# Why are people writing off Duke



## #1BucksFan (Apr 14, 2003)

They still have Reddick, Ewing, and Williams, they only lost Duhon, and their biggest loss was Livingston going to the draft out of high school. They made the final 4 last year, and as long as coach K is there, they should be top 10. Please give me a reason that they are so low.


----------



## HKF (Dec 10, 2002)

They are not going to finish in the top 5 in the ACC. No frontcourt depth. None. Reggie Love is their frontcourt depth, not gonna work.


----------



## rainman (Jul 15, 2002)

> Originally posted by <b>Hong Kong Fooey</b>!
> They are not going to finish in the top 5 in the ACC. No frontcourt depth. None.
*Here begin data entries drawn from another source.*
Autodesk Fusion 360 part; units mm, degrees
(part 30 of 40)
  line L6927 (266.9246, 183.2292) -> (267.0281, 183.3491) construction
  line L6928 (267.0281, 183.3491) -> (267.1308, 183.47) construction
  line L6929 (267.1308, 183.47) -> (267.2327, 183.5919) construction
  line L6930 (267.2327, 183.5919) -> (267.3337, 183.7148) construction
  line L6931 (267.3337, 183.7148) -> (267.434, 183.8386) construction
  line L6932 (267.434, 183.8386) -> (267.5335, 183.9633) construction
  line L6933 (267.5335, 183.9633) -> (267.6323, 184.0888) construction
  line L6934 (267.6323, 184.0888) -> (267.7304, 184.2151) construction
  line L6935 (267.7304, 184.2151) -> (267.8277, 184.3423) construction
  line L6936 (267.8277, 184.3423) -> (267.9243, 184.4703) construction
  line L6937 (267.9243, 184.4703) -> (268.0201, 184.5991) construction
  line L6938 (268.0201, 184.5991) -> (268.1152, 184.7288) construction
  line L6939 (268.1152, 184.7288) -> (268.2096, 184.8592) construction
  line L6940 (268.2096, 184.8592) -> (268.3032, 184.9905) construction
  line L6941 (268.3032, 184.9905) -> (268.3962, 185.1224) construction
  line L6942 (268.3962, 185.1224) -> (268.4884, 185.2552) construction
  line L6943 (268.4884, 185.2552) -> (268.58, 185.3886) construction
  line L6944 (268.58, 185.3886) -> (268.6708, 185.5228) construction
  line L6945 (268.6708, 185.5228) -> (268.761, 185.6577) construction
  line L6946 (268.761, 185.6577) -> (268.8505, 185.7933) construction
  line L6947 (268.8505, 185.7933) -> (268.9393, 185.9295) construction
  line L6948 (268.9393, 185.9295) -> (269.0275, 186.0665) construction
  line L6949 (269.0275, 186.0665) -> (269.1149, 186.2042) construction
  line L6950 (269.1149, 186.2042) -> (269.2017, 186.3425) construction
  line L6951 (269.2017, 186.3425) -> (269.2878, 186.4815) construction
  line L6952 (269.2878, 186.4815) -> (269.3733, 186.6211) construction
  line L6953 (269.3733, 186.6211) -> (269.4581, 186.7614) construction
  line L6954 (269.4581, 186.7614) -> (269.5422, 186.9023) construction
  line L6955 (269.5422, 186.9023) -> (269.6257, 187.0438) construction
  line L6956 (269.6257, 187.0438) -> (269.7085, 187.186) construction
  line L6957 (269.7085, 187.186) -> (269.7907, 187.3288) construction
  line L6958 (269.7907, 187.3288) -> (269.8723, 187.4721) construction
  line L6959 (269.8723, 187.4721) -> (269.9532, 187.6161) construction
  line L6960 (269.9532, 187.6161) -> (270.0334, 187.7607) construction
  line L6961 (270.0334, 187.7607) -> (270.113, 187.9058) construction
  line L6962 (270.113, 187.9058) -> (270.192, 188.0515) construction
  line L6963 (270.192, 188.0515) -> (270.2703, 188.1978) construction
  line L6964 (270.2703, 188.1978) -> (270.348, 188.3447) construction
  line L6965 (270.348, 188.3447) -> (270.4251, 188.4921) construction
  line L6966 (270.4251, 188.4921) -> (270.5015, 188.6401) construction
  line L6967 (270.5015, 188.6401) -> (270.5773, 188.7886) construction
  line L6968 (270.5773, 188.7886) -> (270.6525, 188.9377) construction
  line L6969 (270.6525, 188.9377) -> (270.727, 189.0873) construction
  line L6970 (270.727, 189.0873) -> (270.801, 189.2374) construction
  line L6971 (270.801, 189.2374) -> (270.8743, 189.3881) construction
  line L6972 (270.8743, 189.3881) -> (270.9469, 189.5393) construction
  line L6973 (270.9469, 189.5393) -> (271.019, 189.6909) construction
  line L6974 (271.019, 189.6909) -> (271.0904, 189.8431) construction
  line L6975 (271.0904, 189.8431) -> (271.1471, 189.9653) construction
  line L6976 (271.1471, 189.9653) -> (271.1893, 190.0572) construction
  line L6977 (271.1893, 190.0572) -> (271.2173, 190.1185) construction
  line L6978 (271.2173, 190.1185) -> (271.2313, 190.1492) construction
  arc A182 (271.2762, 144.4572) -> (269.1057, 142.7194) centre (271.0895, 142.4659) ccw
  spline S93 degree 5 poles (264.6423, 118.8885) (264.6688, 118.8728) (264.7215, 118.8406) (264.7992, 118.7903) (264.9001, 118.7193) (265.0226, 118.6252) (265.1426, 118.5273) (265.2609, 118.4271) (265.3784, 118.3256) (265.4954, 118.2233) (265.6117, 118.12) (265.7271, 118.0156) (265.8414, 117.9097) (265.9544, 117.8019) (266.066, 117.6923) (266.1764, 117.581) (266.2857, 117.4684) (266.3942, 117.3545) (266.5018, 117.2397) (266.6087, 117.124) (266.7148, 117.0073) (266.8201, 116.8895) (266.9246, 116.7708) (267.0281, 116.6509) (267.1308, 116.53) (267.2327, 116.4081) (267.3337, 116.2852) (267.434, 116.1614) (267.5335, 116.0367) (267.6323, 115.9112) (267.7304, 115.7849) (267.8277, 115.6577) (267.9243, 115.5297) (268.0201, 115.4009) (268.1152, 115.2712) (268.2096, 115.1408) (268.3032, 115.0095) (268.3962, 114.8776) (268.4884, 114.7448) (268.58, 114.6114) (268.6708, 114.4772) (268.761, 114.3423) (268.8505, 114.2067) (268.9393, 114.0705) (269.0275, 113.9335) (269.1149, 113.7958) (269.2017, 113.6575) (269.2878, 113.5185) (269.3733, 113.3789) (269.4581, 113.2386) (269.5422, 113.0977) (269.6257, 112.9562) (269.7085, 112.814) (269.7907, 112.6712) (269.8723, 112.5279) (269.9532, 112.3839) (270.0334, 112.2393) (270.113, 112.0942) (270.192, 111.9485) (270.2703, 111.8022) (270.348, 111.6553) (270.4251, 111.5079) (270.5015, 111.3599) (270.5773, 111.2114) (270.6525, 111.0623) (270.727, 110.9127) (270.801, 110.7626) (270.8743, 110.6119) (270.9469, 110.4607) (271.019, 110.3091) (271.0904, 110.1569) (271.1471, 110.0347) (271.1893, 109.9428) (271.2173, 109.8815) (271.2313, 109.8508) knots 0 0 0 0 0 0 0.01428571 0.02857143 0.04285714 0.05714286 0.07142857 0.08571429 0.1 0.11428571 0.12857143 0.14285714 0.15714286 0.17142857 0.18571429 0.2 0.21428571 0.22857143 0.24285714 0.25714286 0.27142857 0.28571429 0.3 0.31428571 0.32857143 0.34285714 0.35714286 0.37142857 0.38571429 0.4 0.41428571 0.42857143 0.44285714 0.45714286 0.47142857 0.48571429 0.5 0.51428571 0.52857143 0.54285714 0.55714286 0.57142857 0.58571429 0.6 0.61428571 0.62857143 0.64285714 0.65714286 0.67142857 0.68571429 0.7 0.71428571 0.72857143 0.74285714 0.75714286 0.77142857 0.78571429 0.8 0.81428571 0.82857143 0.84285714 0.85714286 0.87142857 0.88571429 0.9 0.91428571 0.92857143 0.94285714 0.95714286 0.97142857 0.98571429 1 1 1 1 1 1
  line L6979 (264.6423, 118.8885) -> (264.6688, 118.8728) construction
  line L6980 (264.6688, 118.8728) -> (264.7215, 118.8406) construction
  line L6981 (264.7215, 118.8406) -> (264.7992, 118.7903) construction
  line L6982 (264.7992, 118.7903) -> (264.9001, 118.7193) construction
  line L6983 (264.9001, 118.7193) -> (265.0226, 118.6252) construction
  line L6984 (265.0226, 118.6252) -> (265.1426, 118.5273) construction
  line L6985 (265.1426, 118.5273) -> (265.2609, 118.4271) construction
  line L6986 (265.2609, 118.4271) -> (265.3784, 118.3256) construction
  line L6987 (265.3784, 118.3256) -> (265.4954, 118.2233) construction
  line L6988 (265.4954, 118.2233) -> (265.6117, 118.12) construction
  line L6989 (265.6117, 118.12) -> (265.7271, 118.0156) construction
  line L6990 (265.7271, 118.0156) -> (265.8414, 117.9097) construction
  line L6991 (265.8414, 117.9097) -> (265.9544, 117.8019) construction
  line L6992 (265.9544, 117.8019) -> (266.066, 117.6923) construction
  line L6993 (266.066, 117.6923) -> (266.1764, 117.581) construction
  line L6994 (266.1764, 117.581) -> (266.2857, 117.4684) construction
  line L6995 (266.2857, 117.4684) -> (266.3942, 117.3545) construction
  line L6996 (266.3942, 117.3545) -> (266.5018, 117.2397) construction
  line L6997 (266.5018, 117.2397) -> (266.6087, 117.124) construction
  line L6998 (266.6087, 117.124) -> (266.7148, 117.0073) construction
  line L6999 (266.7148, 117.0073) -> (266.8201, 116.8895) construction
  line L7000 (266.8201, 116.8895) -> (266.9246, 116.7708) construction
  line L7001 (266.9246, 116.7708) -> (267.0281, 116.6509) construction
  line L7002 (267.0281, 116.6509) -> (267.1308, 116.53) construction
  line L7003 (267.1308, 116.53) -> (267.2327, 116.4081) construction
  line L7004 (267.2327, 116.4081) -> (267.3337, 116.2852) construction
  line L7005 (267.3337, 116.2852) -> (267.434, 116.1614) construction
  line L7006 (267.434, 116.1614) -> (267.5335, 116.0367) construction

Reggie Love is their frontcourt depth, not gonna work.


i'll take that bet. i do think the acc is deep but people seem to forget this is an elite program with probably the best college coach ever. i think there will be games where their lack of depth will cost them but out of the top 5 isnt going to happen. their guard situation with ewing,reddick,dockery and nelson is excellant and with williams and randolph they may have the best low post duo in the country. mclure and melchioni should be able to give them solid play off the bench. i learned a long time ago(with my wallet), dont bet against duke. remember this is a team that was probably a missed open jumper away from being the national champ.


----------



## HeinzGuderian (Jun 29, 2004)

I disagree with people writing them off as well. Ewing is scary good, i hate reddick but he ain't shabby, and She-Will is one of the best post players in the nation. I hate Shav too but i expect him to play alot better this year. They have a deadly starting rotation, which should be good enough for 4th or 5th in the ACC. ratface isnt the best ever, but he has burned my wallet with too many bets as well to blow him off.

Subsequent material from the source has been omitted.